所以分界的判準不是斷言重不重要,也不是 judge 準不準,是重跑會不會給同一個答案。CI gate 的全部價值建立在「紅了就是真的壞了」上;把一個會抖的判定放進 gate,工程師很快就會學會 rerun until green,那時 gate 已經死了,只是還在動。
忍喵:「rerun until green 不是假想情境。gate 一開始抖,紅色就再也叫不動人——這條線畫在『重跑會不會一樣』上,畫對了。」
常見的做法是給 judge 打分數、低於閾值就 fail build。這條路我否決了,理由是自己家的量測紀律:十題是手挑的,任何從它導出的分數都會被讀成母體估計;而 Day 13 已經實測過一次「分數沒有鑑別力」的教訓(RRF 分數),不需要再學一遍。
於是 dataset 裡每一題的斷言掛在兩個不同的 key 底下:
deterministic:status、引用集合、跨租戶檢查。只有它決定 exit code。
judged:expected facts、forbidden facts、rubric。結構上碰不到 exit code。
「結構上」三個字是設計重點。兩層如果是同一個陣列裡每條斷言帶一個 layer 欄位值,那打錯一個字串就會把判讀性斷言默默升級成 gate;反過來,也可能把該擋 build 的斷言悄悄降級成參考資訊。兩個 key 讓這種錯根本寫不出來:欄位名錯了,dataset validator 直接拒收。
Runner 端同一條線再守一次。決定 exit code 的函式簽名裡就沒有 judged 參數(節錄,docstring 略):
def gate_exit_code(results: Mapping[str, CaseResult]) -> ExitCode:
if any(result.verdict != Verdict.PASS for result in results.values()):
return ExitCode.GATE_FAILED
return ExitCode.OK
results 是 deterministic 層的結果 map,CaseResult 這個型別根本沒有 judged 欄位——你連「餵一個 judged 失敗進去」都構造不出來。而且有一條可執行的測試直接斷言這件事,擋的是未來某個好心人「幫它加個參數」:
def test_gate_exit_code_signature_takes_only_deterministic_results() -> None:
sig = inspect.signature(gate_exit_code)
assert list(sig.parameters) == ["results"]

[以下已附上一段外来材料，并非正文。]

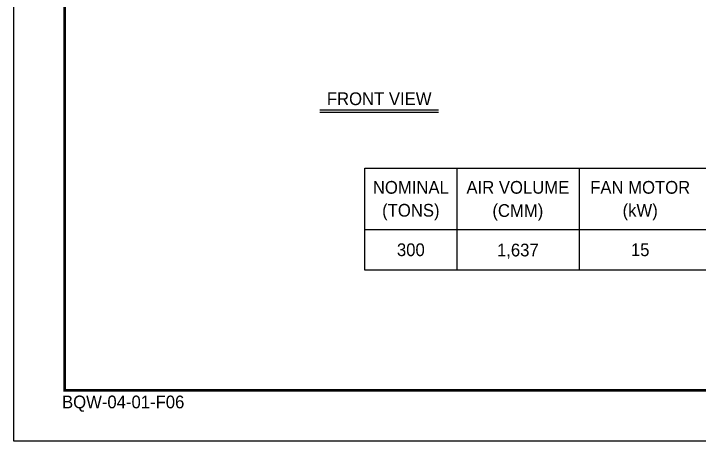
# Model space of a CAD drawing. Header units: millimetres. Extents: x 2458 to 31865, y 2044 to 22839.
# Drawn here: x 2458 to 11875, y 2044 to 7919 of the extents above; entities that cross this region are included whole.
import ezdxf
from ezdxf.enums import TextEntityAlignment as Align

# ---------------------------------------------------------------- set-up
doc = ezdxf.new("R2010")
doc.units = ezdxf.units.MM
for name, color, linetype in [('냉각탑_box', 1, 'Continuous'), ('냉각탑_form', 1, 'Continuous'), ('냉각탑_text', 3, 'Continuous')]:
    doc.layers.add(name, color=color, linetype=linetype)
doc.styles.add('돋움', font='Dotum.ttf')

# ---------------------------------------------------------------- blocks, each defined once
blk = doc.blocks.new('냉각탑form')
at = {"layer": 'Defpoints'}
blk.add_lwpolyline([(0, 297.07), (420.1, 297.07), (420.1, 0), (0, 0)], close=True, dxfattribs=at)
at = {"layer": '냉각탑_form', "const_width": 0.5}
blk.add_lwpolyline([(10, 287.07), (10, 10), (410.1, 10), (410.1, 287.07)], close=True, dxfattribs=at)
at = {"layer": '냉각탑_form', "style": '돋움'}
blk.add_text('BQW-04-01-F06', height=2.5006, dxfattribs=at).set_placement((9.48, 6.47))

msp = doc.modelspace()

# ---------------------------------------------------------------- linework, layer by layer
at = {"layer": '냉각탑_box'}
for p, q in [((6661.3, 6599), (8294.6, 6599)), ((6661.3, 6564), (8294.6, 6564)), ((8542.8, 5795.6), (8542.8, 4395.6)), ((10222.8, 5795.6), (10222.8, 4395.6)), ((7282.8, 4955.6), (22332.8, 4955.6))]:
    msp.add_line(p, q, dxfattribs=at)
msp.add_lwpolyline([(7282.8, 5795.6), (22332.8, 5795.6), (22332.8, 4395.6), (7282.8, 4395.6)], close=True, dxfattribs=at)

# ---------------------------------------------------------------- block references
at = {"layer": '냉각탑_form', "xscale": 70.00000000000001, "yscale": 70.00000000000001, "zscale": 70.00000000000001}
msp.add_blockref('냉각탑form', (2458.1, 2043.9), dxfattribs=at)

# ---------------------------------------------------------------- texts
at = {"layer": '냉각탑_text', "style": '돋움'}
for s, p in [('FRONT VIEW', (7478, 6750.7)), ('NOMINAL', (7912.8, 5533.1)), ('AIR VOLUME', (9382.8, 5533.1)), ('FAN MOTOR', (11062.8, 5533.1)), ('(TONS)', (7912.8, 5218.1)), ('(CMM)', (9382.4, 5214.4)), ('(kW)', (11062.8, 5218.1)), ('300', (7912.8, 4675.6)), ('1,637', (9382.4, 4671.9)), ('15', (11062.8, 4675.6))]:
    msp.add_text(s, height=175, dxfattribs=at).set_placement(p, align=Align.MIDDLE_CENTER)

doc.saveas('drawing.dxf')
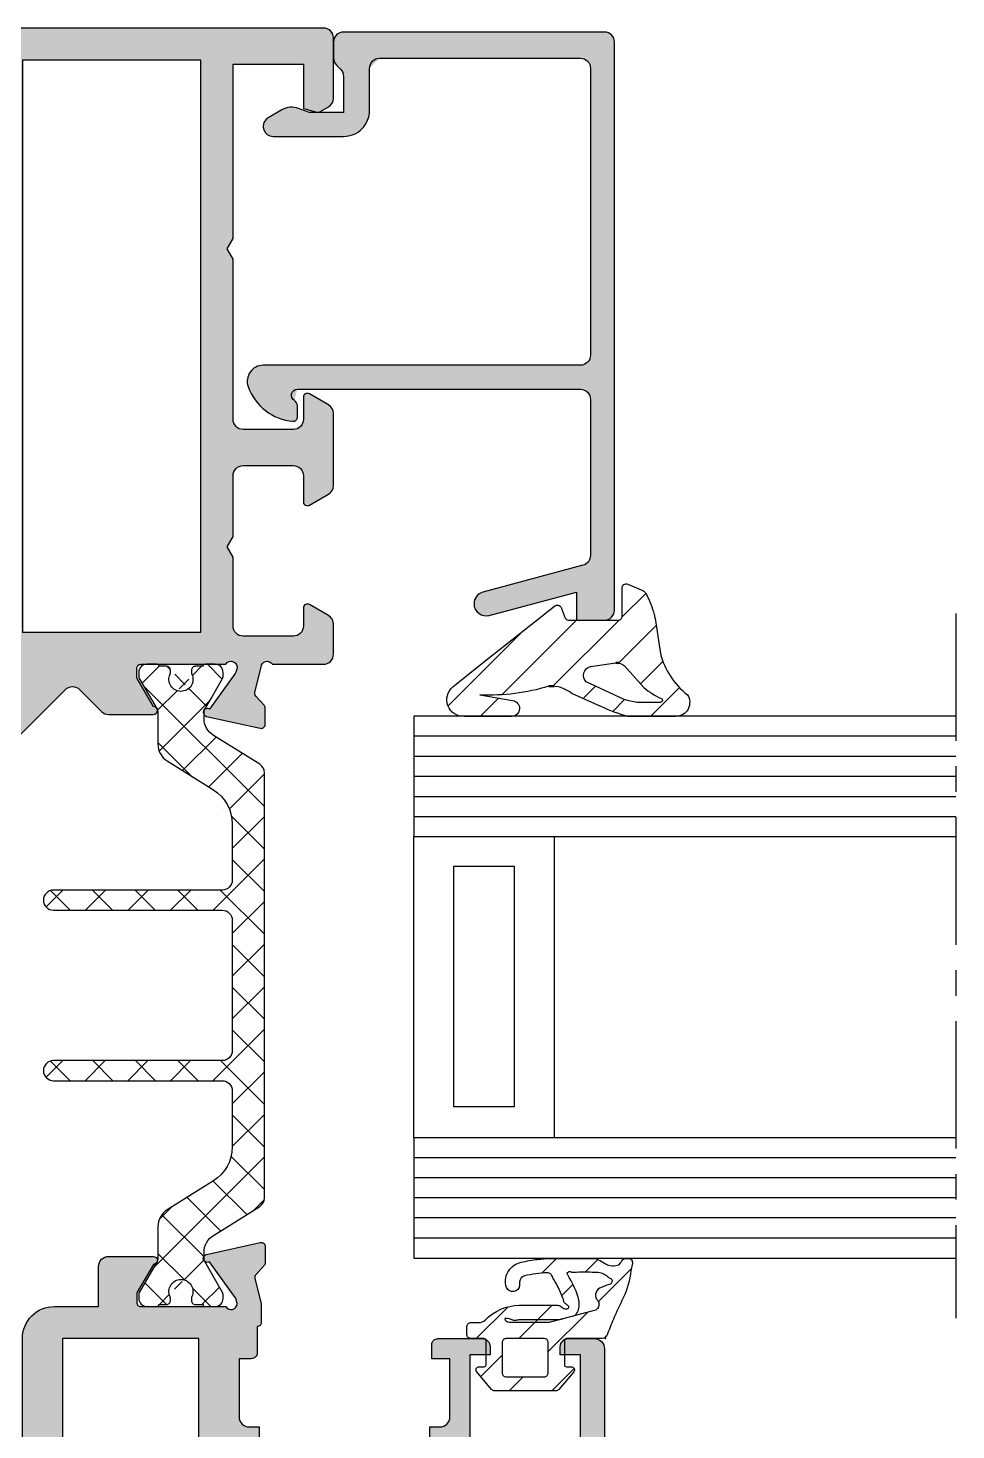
# Model space of a CAD drawing. Header units: millimetres. Extents: x -158 to 6343, y 4572 to 7765.
# Drawn here: x 1699.2 to 1745.4, y 5253.1 to 5323 of the extents above; entities that cross this region are included whole.
import ezdxf

# ---------------------------------------------------------------- set-up
doc = ezdxf.new("R2010")
doc.units = ezdxf.units.MM
doc.header["$LTSCALE"] = 0.2
doc.linetypes.add('CENTER', pattern=[50.8, 31.75, -6.35, 6.35, -6.35])
doc.layers.add('AM_VIS', color=7, linetype='Continuous', lineweight=50)
for name, color, linetype in [('REYNAERS', 7, 'Continuous'), ('RI-FILLING', 7, 'Continuous'), ('RI-GASKET', 7, 'Continuous'), ('RI-HATCH-I', 4, 'Continuous'), ('RI-HATCH-P', 7, 'Continuous'), ('RI-HATCH-PI', 4, 'Continuous'), ('RI-OTHERS', 7, 'CENTER'), ('RI-PROFILE', 7, 'Continuous')]:
    doc.layers.add(name, color=color, linetype=linetype)

# ---------------------------------------------------------------- blocks, each defined once
blk = doc.blocks.new('0000868R')
at = {"layer": 'RI-HATCH-PI'}
h = blk.add_hatch(dxfattribs=at)
h.set_pattern_fill('_USER', color=256, scale=1.5, angle=45, style=0, double=1, pattern_type=0)
h.set_pattern_definition([(45, (-42.0952, -124.3601), (-1.06066, 1.06066), []), (135, (-42.0952, -124.3601), (-1.06066, -1.06066), [])])
edge = h.paths.add_edge_path()
edge.add_arc((4.183, 12.753), 0.5, -90, 0, ccw=False)
edge.add_line((4.183, 12.253), (-4.225, 12.253))
edge.add_arc((-4.225, 11.753), 0.5, 90, 270)
edge.add_line((-4.225, 11.253), (4.183, 11.253))
edge.add_arc((4.183, 10.753), 0.5, 0, 90, ccw=False)
edge.add_line((4.683, 10.753), (4.683, 7.951))
edge.add_arc((2.683, 7.951), 2, 302, 360, ccw=False)
edge.add_line((3.743, 6.255), (1.445, 4.819))
edge.add_arc((1.975, 3.971), 1, 122, 180)
edge.add_line((0.975, 3.971), (0.975, 2.386))
edge.add_arc((0.675, 2.386), 0.3, 330, 360, ccw=False)
edge.add_line((0.935, 2.236), (0.052, 0.706))
edge.add_arc((0.225, 0.606), 0.2, 150, 180)
edge.add_line((0.025, 0.606), (0.025, 0.4))
edge.add_arc((0.425, 0.4), 0.4, 180, 270)
edge.add_line((0.425, 0), (0.925, 0))
edge.add_arc((0.925, 0.1), 0.1, 270, 360)
edge.add_line((1.025, 0.1), (1.4, 0.1))
edge.add_arc((1.4, 0.3), 0.2, 270, 360)
edge.add_line((1.6, 0.3), (1.6, 0.412))
edge.add_arc((1.4, 0.412), 0.2, 360, 385.00783)
edge.add_arc((2.125, 0.75), 0.6, 90, 205.00783, ccw=False)
edge.add_arc((2.125, 0.75), 0.6, -25.00783, 90, ccw=False)
edge.add_arc((2.85, 0.412), 0.2, 154.99217, 180)
edge.add_line((2.65, 0.412), (2.65, 0.3))
edge.add_arc((2.85, 0.3), 0.2, 180, 270)
edge.add_line((2.85, 0.1), (3.225, 0.1))
edge.add_arc((3.325, 0.1), 0.1, 180, 270)
edge.add_line((3.325, 0), (3.825, 0))
edge.add_arc((3.825, 0.4), 0.4, 270, 360)
edge.add_line((4.225, 0.4), (4.225, 0.606))
edge.add_arc((4.025, 0.606), 0.2, 0, 30)
edge.add_line((4.198, 0.706), (3.315, 2.236))
edge.add_arc((3.575, 2.386), 0.3, 180, 210, ccw=False)
edge.add_line((3.275, 2.386), (3.275, 2.696))
edge.add_arc((4.275, 2.696), 1, 122, 180, ccw=False)
edge.add_line((3.745, 3.544), (6.048, 4.983))
edge.add_arc((5.783, 5.407), 0.5, 302, 360)
edge.add_line((6.283, 5.407), (6.283, 26.592))
edge.add_arc((5.783, 26.592), 0.5, 0, 58)
edge.add_line((6.048, 27.016), (3.745, 28.456))
edge.add_arc((4.275, 29.304), 1, 180, 238, ccw=False)
edge.add_line((3.275, 29.304), (3.275, 29.614))
edge.add_arc((3.575, 29.614), 0.3, 150, 180, ccw=False)
edge.add_line((3.315, 29.764), (3.625, 30.301))
edge.add_line((3.625, 30.301), (4.198, 31.293))
edge.add_arc((4.025, 31.393), 0.2, 330, 360)
edge.add_line((4.225, 31.393), (4.225, 31.6))
edge.add_arc((3.825, 31.6), 0.4, 0, 90)
edge.add_line((3.825, 32), (3.325, 32))
edge.add_arc((3.325, 31.9), 0.1, 90, 180)
edge.add_line((3.225, 31.9), (2.85, 31.9))
edge.add_arc((2.85, 31.7), 0.2, 90, 180)
edge.add_line((2.65, 31.7), (2.65, 31.588))
edge.add_arc((2.85, 31.588), 0.2, 180, 205.00783)
edge.add_arc((2.125, 31.25), 0.6, -90, 25.00783, ccw=False)
edge.add_arc((2.125, 31.25), 0.6, 154.99217, 270, ccw=False)
edge.add_arc((1.4, 31.588), 0.2, 334.99217, 360)
edge.add_line((1.6, 31.588), (1.6, 31.7))
edge.add_arc((1.4, 31.7), 0.2, 0, 90)
edge.add_line((1.4, 31.9), (1.025, 31.9))
edge.add_arc((0.925, 31.9), 0.1, 0, 90)
edge.add_line((0.925, 32), (0.425, 32))
edge.add_arc((0.425, 31.6), 0.4, 90, 180)
edge.add_line((0.025, 31.6), (0.025, 31.393))
edge.add_arc((0.225, 31.393), 0.2, 180, 210)
edge.add_line((0.052, 31.293), (0.935, 29.764))
edge.add_arc((0.675, 29.614), 0.3, 0, 30, ccw=False)
edge.add_line((0.975, 29.614), (0.975, 28.029))
edge.add_arc((1.975, 28.029), 1, 180, 238)
edge.add_line((1.445, 27.181), (3.743, 25.745))
edge.add_arc((2.683, 24.049), 2, 0, 58, ccw=False)
edge.add_line((4.683, 24.049), (4.683, 21.249))
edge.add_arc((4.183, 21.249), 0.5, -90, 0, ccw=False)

annotation = str(sig.parameters["results"].annotation)
assert "CaseResult" in annotation
assert "judged" not in annotation.lower()
exit code 本身是三分的,不是布林:
| exit code | 意思 | 為什麼不能併 |
|---|---|---|
0 |
gate 跑了,全過(判讀層結果不論) | — |
1 |
gate 跑了,被測的東西有問題 | 這是唯一能觸發「回去查系統」的碼 |
2 |
setup 失敗:dataset 不合法、corpus 載不進來、要 judge 但憑證缺失 | 受測物根本沒被測到;併進 1 會讓 CI 把「沒跑成」讀成「跑了而且壞了」,併進 0 會讓一條沒執行的檢查看起來是綠的 |
最後那半句是 Day 27 剛踩過的形狀(fail-open 的等待迴圈),這裡直接寫進 enum:--judge 缺憑證是 2,不是靜默跳過。

一題長這樣(tools/eval_cases.json 第一題,節錄):
{
"id": "acme-refund-window-standard",
"question": "How many days does a customer have to return a standard purchase for a full refund?",
"principal": { "tenant": "acme", "user": "eval-agent", "groups": [] },
"protects": "Day 14 answered path: single-document must_cite/subset agreement",
"deterministic": {
"status": "answered",
"must_cite": ["returns-policy"],
"citations_subset_of": ["returns-policy"],
"must_not_cite": []
},
"judged": {
"expected_facts": [{ "id": "fact_standard_window_30_days",
"text": "a standard purchase may be returned within 30 days of delivery" }],
"forbidden_facts": [{ "id": "fact_14_days_for_standard",
"text": "a standard purchase carries a 14 day return window" }],
"rubric": null
}
}
幾個欄位背後各有一個裁決,挑值得說的講:
protects 必填。 每一題都要寫明它守的是哪一天的哪個決定。沒有出處的題目是願望,不是回歸測試;等它真的紅了,你需要知道紅的是誰的合約。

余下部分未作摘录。